The percentages of R₀ attributed to Ae. aegypti (R₁₁/R₀²) and Ae. albopictus (R₂₂/R₀²) were derived from Eq. 1, which can be rewritten as 1 = 100% = R₁₁/R₀² + R₂₂/R₀². An explicit mathematical derivation of the R₀ model is provided in SI Appendix; parameter setting details and the publication references used to estimate them are shown and discussed in Table 1.

R₀ Model Integration and Driving Datasets.

The Zika R₀ model is dynamic, meaning that some epidemiological parameters are varying in both space and time from 1948 to 2015. The model runs on a monthly time step. To incorporate rainfall seasonality effects, we used a criterion derived for malaria in Africa within the Mapping Malaria Risk in Africa project framework [e.g., “80 mm per month for at least five months for stable transmission” (56)]. If the criterion was not met, we assumed that R₀ = 0 for a particular location and month. All spatially varying parameters were interpolated to the temperature data grid.

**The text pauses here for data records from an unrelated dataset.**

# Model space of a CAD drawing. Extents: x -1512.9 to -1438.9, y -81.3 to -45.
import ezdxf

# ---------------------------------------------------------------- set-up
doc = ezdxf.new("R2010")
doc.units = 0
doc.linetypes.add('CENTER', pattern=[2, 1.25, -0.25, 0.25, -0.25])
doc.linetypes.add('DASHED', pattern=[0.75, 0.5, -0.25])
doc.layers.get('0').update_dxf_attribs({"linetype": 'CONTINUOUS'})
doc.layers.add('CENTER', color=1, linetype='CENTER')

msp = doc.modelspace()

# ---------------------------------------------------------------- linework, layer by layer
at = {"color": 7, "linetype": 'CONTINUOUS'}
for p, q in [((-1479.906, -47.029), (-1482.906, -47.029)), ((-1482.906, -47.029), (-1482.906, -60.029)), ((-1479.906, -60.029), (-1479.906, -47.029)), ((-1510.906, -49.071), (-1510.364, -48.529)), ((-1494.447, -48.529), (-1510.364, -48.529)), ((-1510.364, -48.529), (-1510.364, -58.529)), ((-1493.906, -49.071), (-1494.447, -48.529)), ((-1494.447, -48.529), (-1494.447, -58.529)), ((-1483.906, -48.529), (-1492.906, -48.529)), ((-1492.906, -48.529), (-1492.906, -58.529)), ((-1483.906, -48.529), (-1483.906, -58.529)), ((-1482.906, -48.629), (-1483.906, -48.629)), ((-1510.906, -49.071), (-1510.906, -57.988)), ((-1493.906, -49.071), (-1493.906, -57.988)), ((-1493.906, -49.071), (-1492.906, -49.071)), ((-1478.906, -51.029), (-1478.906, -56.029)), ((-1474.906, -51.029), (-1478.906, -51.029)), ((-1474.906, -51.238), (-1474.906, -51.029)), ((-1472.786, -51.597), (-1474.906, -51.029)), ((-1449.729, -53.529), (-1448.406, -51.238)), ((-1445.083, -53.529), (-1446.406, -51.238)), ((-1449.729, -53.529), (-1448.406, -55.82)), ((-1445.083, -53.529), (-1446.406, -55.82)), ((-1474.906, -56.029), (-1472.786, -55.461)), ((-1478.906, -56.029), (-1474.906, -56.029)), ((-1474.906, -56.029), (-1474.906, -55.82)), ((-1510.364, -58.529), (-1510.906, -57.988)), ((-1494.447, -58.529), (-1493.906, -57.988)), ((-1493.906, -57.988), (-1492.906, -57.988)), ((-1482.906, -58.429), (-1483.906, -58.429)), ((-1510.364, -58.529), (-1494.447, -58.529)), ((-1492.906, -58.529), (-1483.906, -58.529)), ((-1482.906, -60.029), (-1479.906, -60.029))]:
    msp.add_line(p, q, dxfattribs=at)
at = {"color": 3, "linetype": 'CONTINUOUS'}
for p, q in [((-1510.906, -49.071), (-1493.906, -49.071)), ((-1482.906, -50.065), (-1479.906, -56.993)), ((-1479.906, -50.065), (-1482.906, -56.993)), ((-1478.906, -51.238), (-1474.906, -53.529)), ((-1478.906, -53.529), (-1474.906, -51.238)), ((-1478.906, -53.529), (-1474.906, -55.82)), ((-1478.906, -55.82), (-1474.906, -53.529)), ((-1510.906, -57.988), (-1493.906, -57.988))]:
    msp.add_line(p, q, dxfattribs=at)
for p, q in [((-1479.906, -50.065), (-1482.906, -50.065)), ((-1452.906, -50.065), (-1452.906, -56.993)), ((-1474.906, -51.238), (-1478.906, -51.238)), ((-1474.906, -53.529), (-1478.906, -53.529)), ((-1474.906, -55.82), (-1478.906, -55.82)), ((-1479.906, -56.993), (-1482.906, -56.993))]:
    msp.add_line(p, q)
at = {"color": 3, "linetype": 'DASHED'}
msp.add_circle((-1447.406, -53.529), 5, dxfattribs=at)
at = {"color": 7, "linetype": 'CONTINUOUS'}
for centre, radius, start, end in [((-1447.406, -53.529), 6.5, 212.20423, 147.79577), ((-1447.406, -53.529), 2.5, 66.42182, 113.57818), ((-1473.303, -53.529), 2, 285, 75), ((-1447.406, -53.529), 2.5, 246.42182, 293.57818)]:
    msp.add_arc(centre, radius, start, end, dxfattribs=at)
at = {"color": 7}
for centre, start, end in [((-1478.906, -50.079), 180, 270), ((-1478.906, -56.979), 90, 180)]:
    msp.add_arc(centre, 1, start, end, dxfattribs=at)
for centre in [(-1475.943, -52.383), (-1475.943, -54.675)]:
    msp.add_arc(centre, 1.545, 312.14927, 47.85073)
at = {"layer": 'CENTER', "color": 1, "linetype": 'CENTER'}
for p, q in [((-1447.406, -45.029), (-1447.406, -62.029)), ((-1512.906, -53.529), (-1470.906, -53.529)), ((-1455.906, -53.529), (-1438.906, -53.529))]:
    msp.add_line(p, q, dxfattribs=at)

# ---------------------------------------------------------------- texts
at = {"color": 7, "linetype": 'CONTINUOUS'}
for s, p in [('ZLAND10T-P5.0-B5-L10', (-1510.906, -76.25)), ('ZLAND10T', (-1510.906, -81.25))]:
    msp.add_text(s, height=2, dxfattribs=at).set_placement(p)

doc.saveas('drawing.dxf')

For temperature, we used gridded data, which combine station data from the Global Historical Climatology Network version 2 with the Climate Anomaly Monitoring System (52). This monthly temperature dataset is available at 0.5° × 0.5°-square resolution at global scale for the period 1948–2015. For rainfall, we used the Global Precipitation Climatology Centre global rainfall data available at similar spatial and time resolution for the same time period (53).

R₀ Model Validation.

Countries with active transmission of ZIKV (Fig. 1C) were obtained from the CDC at www.cdc.gov/zika/geo/active-countries.html and the European Center for Disease Prevention and Control at ecdc.europa.eu/en/healthtopics/zika_virus_infection/zika-outbreak/pages/zika-countries-with-transmission.aspx. Historical circulation of ZIKV at country scale (including seroprevalence estimates) was derived from refs. 22 and 57. Baseline R₀ estimates for Rio de Janeiro (Fig. 2) were mathematically derived from reported cases provided by the Brazilian Notifiable Information System (31). R₀ estimates for Colombia (Fig. 2) were mathematically derived from reported cases provided by the Instituto Nacional de Salud de Bogotá (32).

Supplementary Information.

Additional details about the model design, the model validation, and additional analysis are provided in SI Appendix.